To render this more tangible, five key targets have been set for the EU to achieve by the end of the decade. These cover employment, education, research and innovation, social inclusion and poverty reduction, and climate / energy. The strategy also includes seven ‘flagship initiatives’ providing a framework through which the EU and national authorities mutually reinforce their efforts in areas supporting the Europe 2020 priorities such as innovation, the digital economy, employment, youth, industrial policy, poverty and resource efficiency.
Operating as a single market, the EU is a major world trading power. EU economic policy seeks to sustain growth by investing in transport, energy and research – while minimising the impact of further economic development on the environment.
The EU’s economy – measured in terms of the goods and services it produces (GDP) – is now bigger than the US’s: EU GDP in 2012: €12,945,402 million.
Internally, the EU has abolished trade barriers, adopted a common currency and is striving toward convergence of living standards.

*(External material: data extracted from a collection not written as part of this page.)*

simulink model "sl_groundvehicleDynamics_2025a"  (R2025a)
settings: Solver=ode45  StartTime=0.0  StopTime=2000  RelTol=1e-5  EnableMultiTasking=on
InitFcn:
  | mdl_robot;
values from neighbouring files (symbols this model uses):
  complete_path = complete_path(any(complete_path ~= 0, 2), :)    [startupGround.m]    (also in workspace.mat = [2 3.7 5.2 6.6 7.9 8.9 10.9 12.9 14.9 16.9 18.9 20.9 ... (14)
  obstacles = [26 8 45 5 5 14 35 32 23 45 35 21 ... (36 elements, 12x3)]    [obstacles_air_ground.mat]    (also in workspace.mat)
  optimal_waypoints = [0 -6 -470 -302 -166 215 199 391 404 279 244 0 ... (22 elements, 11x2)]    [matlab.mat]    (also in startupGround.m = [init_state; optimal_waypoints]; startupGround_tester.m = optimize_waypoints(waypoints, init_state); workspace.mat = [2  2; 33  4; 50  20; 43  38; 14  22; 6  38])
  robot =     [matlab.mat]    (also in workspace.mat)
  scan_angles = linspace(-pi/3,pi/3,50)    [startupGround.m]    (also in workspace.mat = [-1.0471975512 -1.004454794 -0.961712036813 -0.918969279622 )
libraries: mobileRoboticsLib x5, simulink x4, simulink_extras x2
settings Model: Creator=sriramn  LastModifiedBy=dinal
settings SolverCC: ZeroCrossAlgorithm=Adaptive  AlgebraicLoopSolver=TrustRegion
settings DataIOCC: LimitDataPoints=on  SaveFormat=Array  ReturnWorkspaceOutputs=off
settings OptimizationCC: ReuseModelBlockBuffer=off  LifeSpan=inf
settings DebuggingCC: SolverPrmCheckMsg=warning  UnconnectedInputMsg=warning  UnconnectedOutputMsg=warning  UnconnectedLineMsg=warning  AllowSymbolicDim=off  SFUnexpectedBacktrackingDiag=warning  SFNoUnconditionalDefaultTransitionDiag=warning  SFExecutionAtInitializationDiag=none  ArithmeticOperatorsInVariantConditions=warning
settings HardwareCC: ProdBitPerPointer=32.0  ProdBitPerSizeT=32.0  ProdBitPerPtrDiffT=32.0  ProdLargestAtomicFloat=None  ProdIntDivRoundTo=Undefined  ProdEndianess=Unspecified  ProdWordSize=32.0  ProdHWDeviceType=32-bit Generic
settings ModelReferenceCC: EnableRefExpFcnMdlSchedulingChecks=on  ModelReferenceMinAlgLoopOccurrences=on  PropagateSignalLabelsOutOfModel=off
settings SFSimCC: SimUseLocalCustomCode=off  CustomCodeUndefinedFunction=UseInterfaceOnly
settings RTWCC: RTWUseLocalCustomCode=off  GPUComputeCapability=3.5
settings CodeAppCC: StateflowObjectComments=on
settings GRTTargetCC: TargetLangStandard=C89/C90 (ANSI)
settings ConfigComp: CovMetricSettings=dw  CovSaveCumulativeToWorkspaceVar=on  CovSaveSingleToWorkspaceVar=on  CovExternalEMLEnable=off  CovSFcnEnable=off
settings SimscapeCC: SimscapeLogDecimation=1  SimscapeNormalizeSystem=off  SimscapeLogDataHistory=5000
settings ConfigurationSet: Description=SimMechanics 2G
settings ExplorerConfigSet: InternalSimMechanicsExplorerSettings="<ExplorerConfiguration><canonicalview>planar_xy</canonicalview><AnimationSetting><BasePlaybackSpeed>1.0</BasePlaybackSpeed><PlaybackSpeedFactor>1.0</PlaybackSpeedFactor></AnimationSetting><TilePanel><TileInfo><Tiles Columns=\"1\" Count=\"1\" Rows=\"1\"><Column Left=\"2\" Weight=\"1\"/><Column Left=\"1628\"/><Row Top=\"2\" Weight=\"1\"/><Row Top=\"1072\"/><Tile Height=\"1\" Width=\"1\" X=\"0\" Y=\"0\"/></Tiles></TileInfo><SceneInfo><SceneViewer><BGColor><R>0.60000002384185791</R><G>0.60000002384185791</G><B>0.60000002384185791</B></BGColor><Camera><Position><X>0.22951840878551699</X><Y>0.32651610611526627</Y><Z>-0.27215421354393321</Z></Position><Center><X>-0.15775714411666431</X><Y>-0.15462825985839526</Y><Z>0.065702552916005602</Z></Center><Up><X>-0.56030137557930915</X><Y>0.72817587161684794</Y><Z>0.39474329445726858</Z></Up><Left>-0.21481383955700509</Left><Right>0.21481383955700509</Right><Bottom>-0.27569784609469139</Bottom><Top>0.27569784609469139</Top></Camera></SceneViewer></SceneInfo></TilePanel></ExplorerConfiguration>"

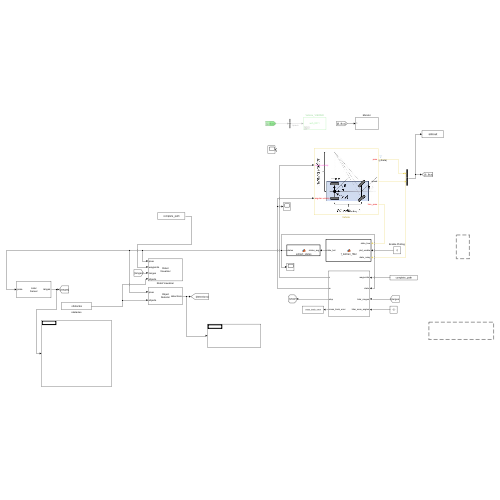
[thumbnail: Simulink's stored preview of the top-level diagram]
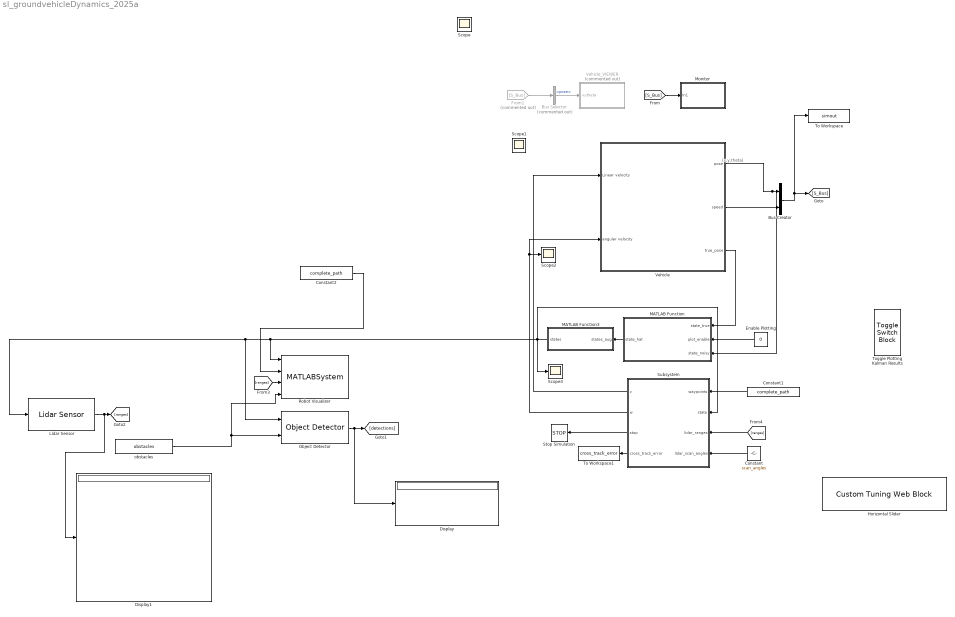
== system sl_groundvehicleDynamics_2025a ==
  note: (x,y,theta)
  Bus Creator : BusCreator  Inputs=2
  Bus Selector : BusSelector  Commented=on  OutputSignals=pose
  Constant : Constant  Value=scan_angles
  Constant1 : Constant  Value=complete_path
  Constant2 : Constant  Value=complete_path
  Display : Display
  Display1 : Display
  Enable Plotting : Constant  Value=0
  From1 : From  Commented=on  GotoTag=S_Bus
  Horizontal Slider : CustomTuningWebBlock  LabelPosition=Hide  ShowInitialText=on  Configuration="{\"components\":[{\"name\":\"LinearScaleComponent\",\"settings\":{\"bounds\":{\"max\":180,\"min\":0,\"tickInterval\":\"auto\"},\"internalTickHeightScaleFactor\":0.5,\"labelColor\":[255,255,200],\"labelFont\":{\"font\":\"Arial\",\"fontSize\":12},\"labelOffset\":0.05,\"labelTransparency\":1,\"needleImage\":{\"size\":[596,842],\"src\":\"data:image\\/svg+xml;base64,PD94bWwgdmVyc2lvbj0iMS4wIiBlbmNvZGluZz0idXRmLTgiPz4NCjwhLS0gR2VuZXJhdG9yOiBBZG9iZSBJbGx1c3RyYXRvciAyNS4wLjAsIFNWRyBFeHBvcnQgUGx1Zy1JbiAuIFNWRyBWZXJzaW9uOiA2LjAwIEJ1aWxkIDApICAtLT4NCjxzdmcgdmVyc2lvbj0iMS4xIg0KCSBpZD0ic3ZnOCIgeG1sbnM6Y2M9Imh0dHA6Ly9jcmVhdGl2ZWNvbW1vbnMub3JnL25zIyIgeG1sbnM6ZGM9Imh0dHA6Ly9wdXJsLm9yZy9kYy9lbGVtZW50cy8xLjEvIiB4bWxuczppbmtzY2FwZT0iaHR0cDovL3d3dy5pbmtzY2FwZS5vcmcvbmFtZXNw ...(+2420 chars)\",\"srcOrientation\":\"Right\"},\"needleOffset\":[-0.8044596912521441,-0.0642123287671233],\"needleSize\":{\"height\":0.4337797619047619,\"width\":0.07668067226890757},\"position\":[0.2829861111111111,0.04398634453781513,0.9196428571428571,0.6088789682539683],\"referencePoint\":\"auto\",\"scaleColors\":[],\"scaleColorsSize\":0.2,\"scaleDirection\":\"LR\",\"showLabels\":1,\"showMinorTicks\":0,\"showSpanLine\":1,\"showTicks\":1,\"tickColor\":[252,252,197],\"tickTransparency\":1,\"valueBarColor\":[0,114,189],\"valueBarOffset\":-0.27,\"valueBarSize\":0.1,\"valueBarTransparency\":1}},{\"name\":\"BackgroundImageComponent\",\"settings\":{\"image\":{\"size\":[380,101],\"src\":\"data:image\\/svg+xml;base64,PHN2ZyB4bWxucz0iaHR0cDovL3d3dy53My5vcmcvMjAwMC9zdmciIHhtbG5zOnhsaW5rPSJodHRwOi8vd3d3LnczLm9yZy8xOTk5L3hsaW5rIiB2aWV3Qm94PSIwIDAgMzgwIDEwMSI+PGRlZnM+PHN0eWxlPi5jbHMtMXtmaWxsOiMwMDJiNDI7fS5jbHMtMntmaWxsOiM0MjcwODI7fS5jbHMtM3tmaWxsOnVybCgjcmFkaWFsLWdyYWRpZW50KTt9LmNscy00e2ZpbGw6I2M4YzhjODtzdHJva2U6IzAwMDt9PC9zdHlsZT48cmFkaWFsR3JhZGllbnQgaWQ9InJhZGlhbC1ncmFkaWVudCIgY3g9IjE5MCIgY3k9IjUwLjUiIHI9IjI2OS4yMSIgZ3JhZGllbnRVbml0cz0idXNlclNwYWNlT25Vc2UiPjxzdG9wIG9mZnNldD0iMC4wMSIgc3RvcC1jb2xvcj0iIzNlNGY1OCIvPjxzdG9wIG9mZnNldD0iMC4wNiIgc3RvcC1jb2xvcj0iIzQ0NTc2MSIvPjxzdG9wIG9mZnNldD0iMC4xNSIgc3RvcC1jb2xvcj0iIzU1NmE3NiIvPjxzdG9wIG9mZnNldD0iMC4yNSIgc3RvcC1jb2xvcj0iIzZkODg5NSIvPjxzdG9wIG9mZnNldD0iMC4zOCIgc3RvcC1jb2xvcj0iIzhmYjJjMyIvPjxzdG9wIG9mZnNldD0iMC41MiIgc3RvcC1jb2xvcj0iI2I2ZTRmYSIvPjxzdG9wIG9mZnNldD0iMSIgc3RvcC1jb2xvcj0iIzE1NDY1NyIvPjwvcmFkaWFsR3JhZGllbnQ+PC9kZWZzPjxnIGlkPSJmcmFtZSI+PGcgaWQ9IkxheWVyXzIiIGRhdGEtbmFtZT0iTGF5ZXIgMiI+PGcgaWQ9IkxheWVyXzEtMiIgZGF0YS1uYW1lPSJMYXllciAxLTIiPjxyZWN0IGlkPSJyZWN0MTAzNiIgY2xhc3M9ImNscy0xIiB4PSIxMSIgeT0iMTEiIHdpZHRoPSIzNTgiIGhlaWdodD0iNzkiLz48cGF0aCBpZD0icGF0aDEwMzgiIGNsYXNzPSJjbHMtMiIgZD0iTTgsOFY5M0gzNzJWOFpNMzY5LDkwSDExVjExSDM2OVoiLz48cGF0aCBpZD0icGF0aDEwNDAiIGNsYXNzPSJjbHMtMyIgZD0iTTAsMFYxMDFIMzgwVjBaTTM3Miw5M0g4VjhIMzcyWiIvPjwvZz48L2c+PC9nPjxnIGlkPSJ0cmFjayI+PHBhdGggaWQ9InJlY3QxNjExIiBjbGFzcz0iY2xzLTQiIGQ9Ik0zMy4zNywyNi41OUgzNDYuNjNjNCwwLDcuMjUsMi42LDcuMjUsNS44MWgwYzAsMy4yMS0zLjI1LDUuODItNy4yNSw1LjgySDMzLjM3Yy00LDAtNy4yNS0yLjYxLTcuMjUtNS44MmgwQzI2LjEyLDI5LjE5LDI5LjM3LDI2LjU5LDMzLjM3LDI2LjU5WiIvPjwvZz48L3N2Zz4=\",\"srcOrientation\":\"horizontal\"},\"position\":[0,0,1,1],\"scaleMode\":\"0\"}},{\"name\":\"ForegroundImageComponent\",\"settings\":{\"image\":{\"size\":[0,0],\"src\":\"default\",\"srcOrientation\":[]},\"isForeground\":1,\"position\":[0,0,1,1],\"scaleMode\":\"0\"}}],\"derived\":{\"blockParameters\":{\"ForegroundColor\":[0.9882352941176471,0.9882352941176471,0.7725490196078432],\"Limits\":{\"Max\":180,\"Min\":0,\"Ticks\":\"auto\"},\"ScaleColors\":[],\"ScaleDirection\":\"Clockwise\",\"ScaleMax\":180,\"ScaleMin\":0,\"TickInterval\":\"auto\",\"fixedAspectRatio\":\"on\"}},\"settings\":{\"BindingType\":\"param\",\"aspectRatio\":3.7777777777777777,\"backgroundColor\":[0,0,0,\"1\"],\"backgroundOffset\":0,\"backgroundOpacity\":1,\"fixedAspectRatio\":\"on\",\"foregroundColor\":[252,252,196],\"orientation\":\"horizontal\",\"showBackgroundColor\":false,\"value\":0,\"version\":\"R2022b\"},\"type\":\"LinearGauge\"}"
  Lidar Sensor : mobileRoboticsLib/Environments/Lidar Sensor  mapName=lidar_map  sensorOffset=[ 0, 0 ]  scanAngles=scan_angles  maxRange=2
      settings: SourceProductName=Mobile Robotics Simulation Toolbox
  MATLAB Function : MATLAB Function  TreatAsAtomicUnit=on
  MATLAB Function3 : MATLAB Function  TreatAsAtomicUnit=on
  Monitor : Subsystem
  Object Detector : mobileRoboticsLib/Environments/Object Detector  mapName=map  sensorOffset=[ 0, 0 ]  sensorAngle=0  fieldOfView=150*pi/180  maxRange=7  maxDetections=5  sampleTime=-1
      settings: SourceProductName=Mobile Robotics Simulation Toolbox
  Robot Visualizer : MATLABSystem  System=Visualizer2D  robotRadius=0.25  mapName=lidar_map  showTrajectory=on  hasWaypoints=on  hasLidar=on  sensorOffset=[ 0, 0 ]  scanAngles=scan_angles  hasObjDetector=on  objDetectorOffset=[ 0, 0 ]  objDetectorAngle=0  objDetectorFOV=pi / 4  objDetectorMaxRange=5  objectColors=[ 1, 0, 0; 0, 1, 0; 0, 0, 1 ]  objectMarkers=s
      mask Type: Visualizer2D
  Scope{,1..3} (4 alike) : Scope
      Scope1 settings: ActiveDisplayYMinimum=-1.25  ActiveDisplayYMaximum=11.25
      Scope2 settings: ActiveDisplayYMinimum=-27.263802233673328  ActiveDisplayYMaximum=24.358424465912226  DataLoggingVariableName=ScopeData2
      Scope3 settings: ActiveDisplayYMinimum=-6.742776009008649  ActiveDisplayYMaximum=48.296023836748965
      Scope settings: ActiveDisplayYMinimum=0.07  ActiveDisplayYMaximum=0.09
  Stop Simulation : Stop
  Subsystem : Subsystem
  To Workspace : ToWorkspace  VariableName=simout  SaveFormat=Timeseries  SampleTime=-1
  To Workspace1 : ToWorkspace  VariableName=cross_track_error  SaveFormat=Timeseries  SampleTime=-1
  Toggle Plotting Kalman Results : ToggleSwitchBlock
  Vehicle : Subsystem
      mask Display: image('vehicle.jpg');
  Vehicle_VIEWER : Subsystem  Commented=on  mask{wp_mat=optimal_waypoints, veh_ID_num=1, veh_init_xytheta=[robot.X robot.Y robot.Theta], Ts=0.5}
      mask prompts: wp_mat "Waypoint matrix for arena [x_col, y_col] (m)"; veh_ID_num "Vehicle ID number"; veh_init_xytheta "Initial pose [x,y,theta]"; Ts "Sample time for updating animation (secs)"
      mask TypeOptions veh_ID_num: 1 | 2 | 3 | 4
      mask DialogControl Control2 Prompt: Animate simulation of Differential Drive Robot (DDR)
      mask Display: fprintf('veh_ID=%d',veh_ID_num);
  obstacles : Constant  Value=obstacles
  wires:
  [S_Bus] -> Monitor/1(In1)
  From1/1 -> Bus Selector/1
  Vehicle/2(speed) -> Bus Creator/2
  Bus Creator/1 -> To Workspace/1, [S_Bus]
  Bus Selector/1 -> Vehicle_VIEWER/1(xytheta)  "<pose>"
  MATLAB Function/1(state_hat) -> MATLAB Function3/1(states_aug)
  Enable Plotting/1 -> MATLAB Function/2(plot_enable)
  obstacles/1 -> Robot Visualizer/4, Object Detector/2
  MATLAB Function3/1(states) -> Subsystem/2(state), Scope3/1, Robot Visualizer/1, Object Detector/1, Lidar Sensor/1
  Vehicle/1(pose) -> MATLAB Function/3(state_noisy), Bus Creator/1
  Object Detector/1 -> Display/1, [detections]
  Lidar Sensor/1 -> Display1/1, [ranges]
  [ranges] -> Robot Visualizer/3
  Subsystem/1(v) -> Vehicle/1(Linear velocity)
  Subsystem/2(w) -> Vehicle/2(angular velocity), Scope2/1
  Constant1/1 -> Subsystem/1(waypoints)
  Subsystem/3(stop) -> Stop Simulation/1
  Constant2/1 -> Robot Visualizer/2
  [ranges] -> Subsystem/3(lidar_ranges)
  Constant/1 -> Subsystem/4(lidar_scan_angles)
  Vehicle/3(true_pose) -> MATLAB Function/1(state_true)
  Subsystem/4(cross_track_error) -> To Workspace1/1

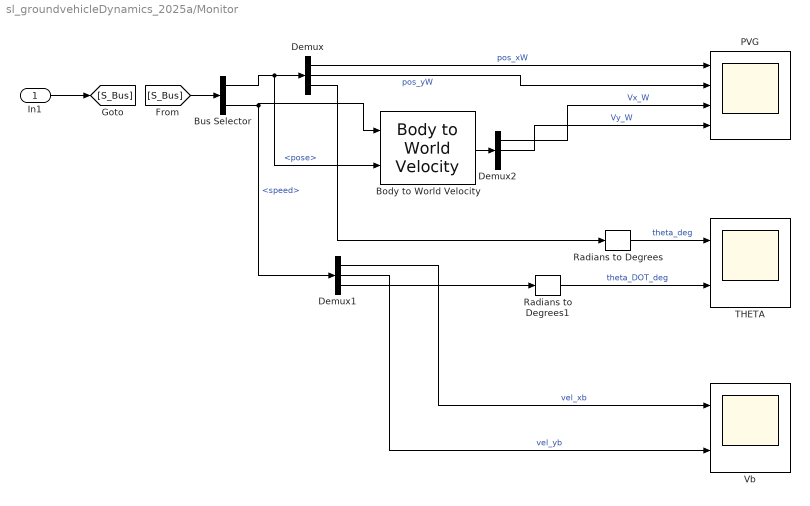
== system sl_groundvehicleDynamics_2025a/Monitor ==
  In1 : Inport
  Body to World Velocity : mobileRoboticsLib/Utilities/Body to World Velocity
      settings: SourceProductName=Mobile Robotics Simulation Toolbox
  Bus Selector : BusSelector  OutputSignals=pose,speed
  Demux : Demux  Outputs=3
  Demux1 : Demux  Outputs=3
  Demux2 : Demux  Outputs=3
  PVG : Scope  NumInputPorts=4
      settings: ActiveDisplayYMinimum=-3.0236  ActiveDisplayYMaximum=27.3548
  Radians to Degrees : simulink_extras/Transformations/Radians to Degrees
  Radians to Degrees1 : simulink_extras/Transformations/Radians to Degrees
  THETA : Scope  NumInputPorts=2
      settings: ActiveDisplayYMinimum=-8.7294  ActiveDisplayYMaximum=60.0661  DataLoggingVariableName=ScopeData2
  Vb : Scope  NumInputPorts=2
      settings: ActiveDisplayYMinimum=0.05577  ActiveDisplayYMaximum=0.8929
  wires:
  In1/1 -> [S_Bus]
  [S_Bus] -> Bus Selector/1
  Demux/1 -> PVG/1  "pos_xW"
  Demux/2 -> PVG/2  "pos_yW"
  Radians to Degrees1/1 -> THETA/2  "theta_DOT_deg"
  Radians to Degrees/1 -> THETA/1  "theta_deg"
  Demux1/3 -> Radians to Degrees1/1
  Demux/3 -> Radians to Degrees/1
  Bus Selector/1 -> Body to World Velocity/2, Demux/1  "<pose>"
  Bus Selector/2 -> Demux1/1, Body to World Velocity/1  "<speed>"
  Body to World Velocity/1 -> Demux2/1
  Demux2/1 -> PVG/3  "Vx_W"
  Demux2/2 -> PVG/4  "Vy_W"
  Demux1/1 -> Vb/1  "vel_xb"
  Demux1/2 -> Vb/2  "vel_yb"

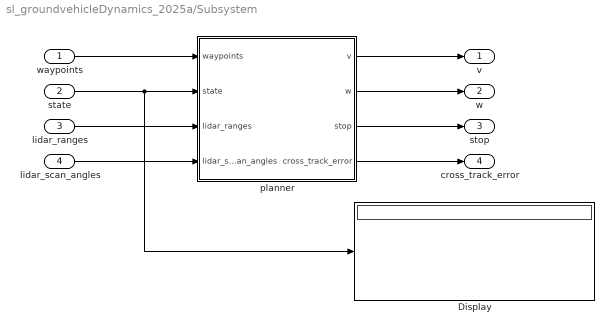
== system sl_groundvehicleDynamics_2025a/Subsystem ==
  waypoints : Inport
  state : Inport  Port=2
  lidar_ranges : Inport  Port=3
  lidar_scan_angles : Inport  Port=4
  Display : Display
  planner : MATLAB Function  TreatAsAtomicUnit=on
  v : Outport
  w : Outport  Port=2
  stop : Outport  Port=3
  cross_track_error : Outport  Port=4
  wires:
  planner/2(w) -> w/1
  planner/1(v) -> v/1
  planner/3(stop) -> stop/1
  waypoints/1 -> planner/1(waypoints)
  state/1 -> Display/1, planner/2(state)
  lidar_ranges/1 -> planner/3(lidar_ranges)
  lidar_scan_angles/1 -> planner/4(lidar_scan_angles)
  planner/4(cross_track_error) -> cross_track_error/1

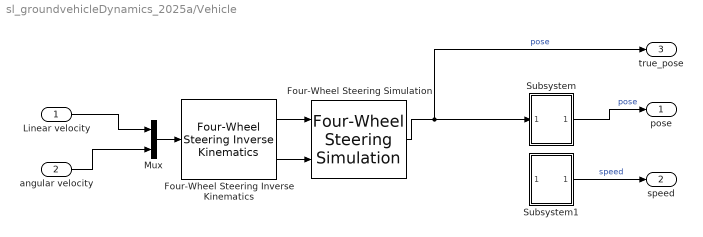
== system sl_groundvehicleDynamics_2025a/Vehicle ==
  Linear velocity : Inport
  angular velocity : Inport  Port=2
  Four-Wheel Steering Inverse Kinematics : mobileRoboticsLib/Kinematic Models/Four-Wheel Steering/Four-Wheel Steering Inverse Kinematics  wheelRadius=0.1  frontWheelDist=0.25  rearWheelDist=0.25  ikMode=Front Steering
      settings: SourceProductName=Mobile Robotics Simulation Toolbox
  Four-Wheel Steering Simulation : mobileRoboticsLib/Kinematic Models/Four-Wheel Steering/Four-Wheel Steering Simulation  wheelRadius=0.1  frontWheelDist=0.25  rearWheelDist=0.25  initX=robot.X  initY=robot.Y  initAngle=robot.Theta  Ts=0.05
      settings: SourceProductName=Mobile Robotics Simulation Toolbox
  Mux : Mux  Inputs=2
  Subsystem : Subsystem
  Subsystem1 : Subsystem
  pose : Outport  VectorParamsAs1DForOutWhenUnconnected=off
  speed : Outport  Port=2
  true_pose : Outport  Port=3  VectorParamsAs1DForOutWhenUnconnected=off
  wires:
  angular velocity/1 -> Mux/2
  Linear velocity/1 -> Mux/1
  Mux/1 -> Four-Wheel Steering Inverse Kinematics/1
  ? -> Subsystem1/1(In1)  "speed"
  Four-Wheel Steering Inverse Kinematics/1 -> Four-Wheel Steering Simulation/1
  Four-Wheel Steering Inverse Kinematics/2 -> Four-Wheel Steering Simulation/2
  Subsystem1/1(speed) -> speed/1  "speed"
  Four-Wheel Steering Simulation/1 -> true_pose/1, Subsystem/1(In1)  "pose"
  Subsystem/1(pose) -> pose/1  "pose"

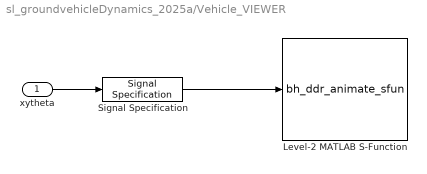
== system sl_groundvehicleDynamics_2025a/Vehicle_VIEWER ==
  xytheta : Inport
  Level-2 MATLAB S-Function : M-S-Function  FunctionName=bh_ddr_animate_sfun  Parameters=Ts, wp_mat, veh_ID_num, veh_init_xytheta
  Signal Specification : SignalSpecification  Dimensions=3
  wires:
  xytheta/1 -> Signal Specification/1
  Signal Specification/1 -> Level-2 MATLAB S-Function/1

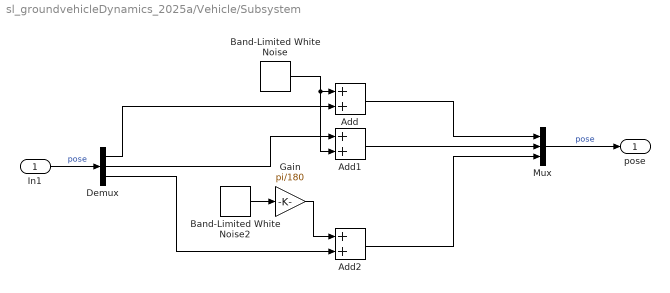
== system sl_groundvehicleDynamics_2025a/Vehicle/Subsystem ==
  In1 : Inport
  Add : Sum
  Add1 : Sum
  Add2 : Sum
  Band-Limited White Noise : simulink/Sources/Band-Limited White Noise  Cov=[0.001]  Ts=0.1  seed=[23341]
  Band-Limited White Noise2 : simulink/Sources/Band-Limited White Noise  Cov=[0.41]  Ts=0.1  seed=[23341]
  Demux : Demux  Outputs=3
  Gain : Gain  Gain=pi/180
  Mux : Mux  Inputs=3
  pose : Outport
  wires:
  Add1/1 -> Mux/2
  Add2/1 -> Mux/3
  Demux/2 -> Add1/1
  Band-Limited White Noise2/1 -> Gain/1
  Demux/3 -> Add2/2
  Band-Limited White Noise/1 -> Add1/2, Add/1
  In1/1 -> Demux/1  "pose"
  Demux/1 -> Add/2
  Gain/1 -> Add2/1
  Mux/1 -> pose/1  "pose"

Internationally, the EU aims to bolster Europe’s trade position and its political and economic weight. Because of the great differences in per capita income among member states (from $13,000 to $82,000) and in national attitudes toward issues like inflation, debt, and foreign trade, the EU faces difficulties in devising and enforcing common policies.
Eleven established EU member states, under the auspices of the European Economic and Monetary Union (EMU), introduced the euro as their common currency on 1 January 1999 (Greece did so two years later). Between 2004 and 2007, 12 states acceded to the EU that are, in general, less advanced economically than the other 15 member states. Of the 12 most recent entrants, only Slovenia (1 January 2007), Cyprus and Malta (1 January 2008), Slovakia (1 January 2009), and Estonia (1 January 2011) have adopted the euro; 11 non-Euro member states, other than the UK and Denmark which have formal opt-outs, are required by EU treaties to adopt the common currency upon meeting fiscal and monetary convergence criteria.
Following the 2008-09 global economic crisis, the EU economy saw moderate GDP growth in 2010 and 2011, but a sovereign debt crisis in the euro zone intensified in 2011 and became the bloc’s top economic and political priority. Despite EU/IMF adjustment programs in Greece, Ireland, and Portugal, and consolidation measures in many other EU member states, significant risks to growth remain, including high public debt loads, aging populations, onerous regulations, and fears of debt crisis contagion.
In response, euro-zone leaders in 2011 boosted funding levels for the temporary European Financial Stability Facility (EFSF) to almost $600 billion, and in July 2012 brought the permanent European Stabilization Mechanism (ESM) online, a year earlier than originally planned In addition, 26 of 28 EU member states (all except UK and Czech Republic) have indicated their intent to enact a “fiscal compact” treaty to boost long term budgetary discipline and coordination. In September 2012, the European Central Bank committed to a bond buying program for troubled euro-zone member states that agree to a formal program of fiscal and structural reforms, aiming to reduce their borrowing costs and restore confidence in the euro zone.